5. The storage controller according to claim 2 , wherein the target CPU core assigns an area from one or more chunks belonging to the set of control rights for the access-target first-type volume to the access-target first-type volume, and if the one or more chunks do not have an area of a capacity required to store data, adds at least one free chunk to the set of control rights and then assigns the area to the first-type volume from the added chunk.

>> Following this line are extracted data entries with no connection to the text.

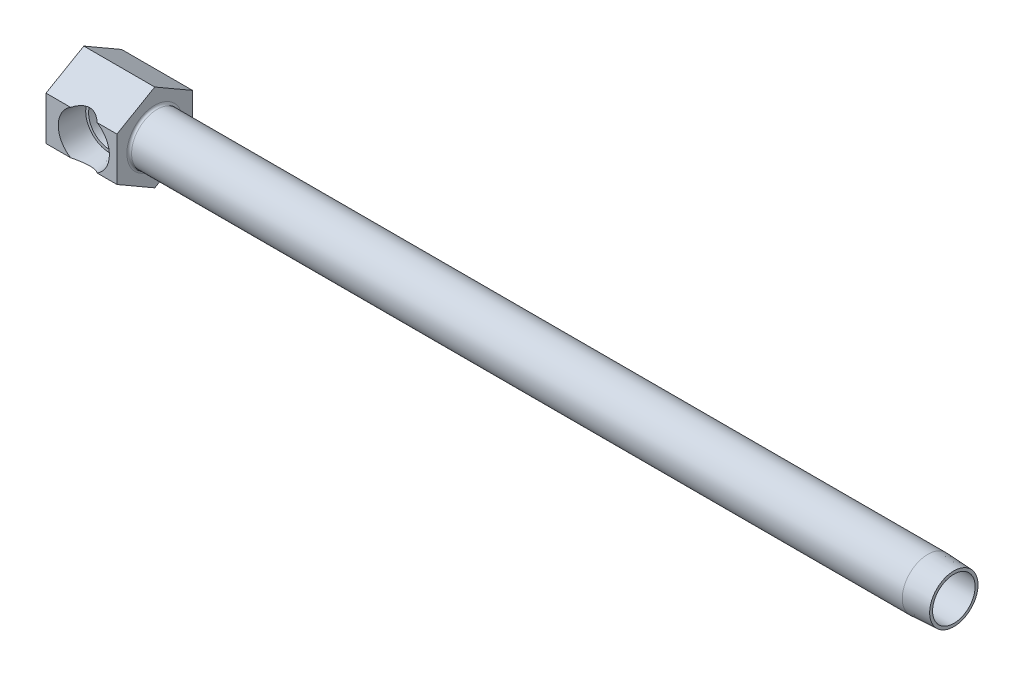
ISO-10303-21;
HEADER;
FILE_DESCRIPTION(('STEP AP214'),'2;1');
FILE_NAME('part.step','',(''),(''),'','','');
FILE_SCHEMA(('AUTOMOTIVE_DESIGN { 1 0 10303 214 1 1 1 1 }'));
ENDSEC;
DATA;
#1=APPLICATION_CONTEXT('core data for automotive mechanical design processes');
#2=APPLICATION_PROTOCOL_DEFINITION('international standard','automotive_design',2000,#1);
#3=PRODUCT_CONTEXT('',#1,'mechanical');
#4=PRODUCT('Part','Part','',(#3));
#5=PRODUCT_RELATED_PRODUCT_CATEGORY('part','',(#4));
#6=PRODUCT_DEFINITION_FORMATION('','',#4);
#7=PRODUCT_DEFINITION_CONTEXT('part definition',#1,'design');
#8=PRODUCT_DEFINITION('design','',#6,#7);
#9=PRODUCT_DEFINITION_SHAPE('','',#8);
#10=(LENGTH_UNIT() NAMED_UNIT(*) SI_UNIT(.MILLI.,.METRE.));
#11=(NAMED_UNIT(*) PLANE_ANGLE_UNIT() SI_UNIT($,.RADIAN.));
#12=(NAMED_UNIT(*) SI_UNIT($,.STERADIAN.) SOLID_ANGLE_UNIT());
#13=UNCERTAINTY_MEASURE_WITH_UNIT(LENGTH_MEASURE(1.E-05),#10,'distance_accuracy_value','');
#14=(GEOMETRIC_REPRESENTATION_CONTEXT(3) GLOBAL_UNCERTAINTY_ASSIGNED_CONTEXT((#13)) GLOBAL_UNIT_ASSIGNED_CONTEXT((#10,
#11,#12)) REPRESENTATION_CONTEXT('',''));
#15=CARTESIAN_POINT('',(0.,0.,0.));
#16=DIRECTION('',(0.,0.,1.));
#17=DIRECTION('',(1.,0.,0.));
#18=AXIS2_PLACEMENT_3D('',#15,#16,#17);
#19=CARTESIAN_POINT('',(63.5,0.,12.7));
#20=DIRECTION('',(-1.,0.,0.));
#21=DIRECTION('',(0.,-1.,0.));
#22=AXIS2_PLACEMENT_3D('',#19,#20,#21);
#23=CYLINDRICAL_SURFACE('',#22,8.5725);
#24=CARTESIAN_POINT('',(24.5999,0.,12.7));
#25=DIRECTION('',(-1.,0.,0.));
#26=DIRECTION('',(0.,-1.,0.));
#27=AXIS2_PLACEMENT_3D('',#24,#25,#26);
#28=CIRCLE('',#27,8.5725);
#29=CARTESIAN_POINT('',(24.5999,-8.57249999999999,12.7));
#30=VERTEX_POINT('',#29);
#31=EDGE_CURVE('E22',#30,#30,#28,.F.);
#32=ORIENTED_EDGE('',*,*,#31,.T.);
#33=EDGE_LOOP('',(#32));
#34=FACE_BOUND('',#33,.T.);
#35=CARTESIAN_POINT('',(283.3624,0.,12.7));
#36=DIRECTION('',(1.,0.,0.));
#37=DIRECTION('',(0.,0.,-1.));
#38=AXIS2_PLACEMENT_3D('',#35,#36,#37);
#39=CIRCLE('',#38,8.5725);
#40=CARTESIAN_POINT('',(283.3624,0.,4.1275));
#41=VERTEX_POINT('',#40);
#42=EDGE_CURVE('E153',#41,#41,#39,.T.);
#43=ORIENTED_EDGE('',*,*,#42,.F.);
#44=EDGE_LOOP('',(#43));
#45=FACE_BOUND('',#44,.T.);
#46=ADVANCED_FACE('F15',(#34,#45),#23,.T.);
#47=CARTESIAN_POINT('',(23.8125,14.6646968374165,12.7));
#48=DIRECTION('',(0.,-0.866025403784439,-0.5));
#49=DIRECTION('',(0.,0.5,-0.866025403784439));
#50=AXIS2_PLACEMENT_3D('',#47,#48,#49);
#51=PLANE('',#50);
#52=CARTESIAN_POINT('',(12.7,-0.84553451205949,39.56450873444));
#53=DIRECTION('',(0.,-0.866025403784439,-0.5));
#54=DIRECTION('',(0.,-0.5,0.866025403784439));
#55=AXIS2_PLACEMENT_3D('',#52,#53,#54);
#56=ELLIPSE('',#55,18.6296608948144,9.27637524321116);
#57=CARTESIAN_POINT('',(17.1412186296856,7.33234841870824,25.4));
#58=VERTEX_POINT('',#57);
#59=CARTESIAN_POINT('',(8.25878137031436,7.33234841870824,25.4));
#60=VERTEX_POINT('',#59);
#61=EDGE_CURVE('E232',#58,#60,#56,.F.);
#62=ORIENTED_EDGE('',*,*,#61,.F.);
#63=DIRECTION('',(-1.,0.,0.));
#64=VECTOR('',#63,1.);
#65=CARTESIAN_POINT('',(23.8125,7.33234841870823,25.4));
#66=LINE('',#65,#64);
#67=CARTESIAN_POINT('',(23.8125,7.33234841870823,25.4));
#68=VERTEX_POINT('',#67);
#69=EDGE_CURVE('E202',#68,#58,#66,.T.);
#70=ORIENTED_EDGE('',*,*,#69,.F.);
#71=DIRECTION('',(0.,-0.5,0.866025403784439));
#72=VECTOR('',#71,1.);
#73=CARTESIAN_POINT('',(23.8125,14.6646968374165,12.7));
#74=LINE('',#73,#72);
#75=CARTESIAN_POINT('',(23.8125,14.6646968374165,12.7));
#76=VERTEX_POINT('',#75);
#77=EDGE_CURVE('E222',#76,#68,#74,.T.);
#78=ORIENTED_EDGE('',*,*,#77,.F.);
#79=DIRECTION('',(-1.,0.,0.));
#80=VECTOR('',#79,1.);
#81=CARTESIAN_POINT('',(23.8125,14.6646968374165,12.7));
#82=LINE('',#81,#80);
#83=CARTESIAN_POINT('',(0.,14.6646968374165,12.7));
#84=VERTEX_POINT('',#83);
#85=EDGE_CURVE('E199',#76,#84,#82,.T.);
#86=ORIENTED_EDGE('',*,*,#85,.T.);
#87=DIRECTION('',(0.,-0.5,0.866025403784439));
#88=VECTOR('',#87,1.);
#89=CARTESIAN_POINT('',(0.,14.6646968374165,12.7));
#90=LINE('',#89,#88);
#91=CARTESIAN_POINT('',(0.,7.33234841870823,25.4));
#92=VERTEX_POINT('',#91);
#93=EDGE_CURVE('E239',#84,#92,#90,.T.);
#94=ORIENTED_EDGE('',*,*,#93,.T.);
#95=EDGE_CURVE('E205',#60,#92,#66,.T.);
#96=ORIENTED_EDGE('',*,*,#95,.F.);
#97=EDGE_LOOP('',(#62,#70,#78,#86,#94,#96));
#98=FACE_BOUND('',#97,.T.);
#99=ADVANCED_FACE('F173',(#98),#51,.F.);
#100=CARTESIAN_POINT('',(23.8125,7.33234841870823,25.4));
#101=DIRECTION('',(0.,0.,-1.));
#102=DIRECTION('',(-1.,0.,0.));
#103=AXIS2_PLACEMENT_3D('',#100,#101,#102);
#104=PLANE('',#103);
#105=CARTESIAN_POINT('',(12.7,0.,25.4));
#106=DIRECTION('',(0.,0.,-1.));
#107=DIRECTION('',(-1.,0.,0.));
#108=AXIS2_PLACEMENT_3D('',#105,#106,#107);
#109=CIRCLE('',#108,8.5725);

6. A storage controller comprising a plurality of Central Processing Unit (CPU) cores, wherein the plurality of CPU cores each have control rights for logical storage areas of one or more types among logical storage areas of a plurality of types, and each of the CPU cores, in a case of a write access to a logical storage area corresponding to the control rights of the CPU cores, assigns an area required to store data according to the write access from a common physical storage area to an access-target logical storage area, wherein the logical storage areas of the plurality of types are a plurality of volumes belonging to a plurality of control rights sets, one or more control rights sets are assigned to each of the CPU cores, the common physical storage area is configured by a plurality of chunks, one or more chunks assigned from the plurality of chunks belong, in addition to the volumes, to each control rights set, and each of the CPU cores, to which a control rights set of a target volume to which data is to be written is assigned, assigns an area to the target volume from the one or more chunks belonging to the control rights set.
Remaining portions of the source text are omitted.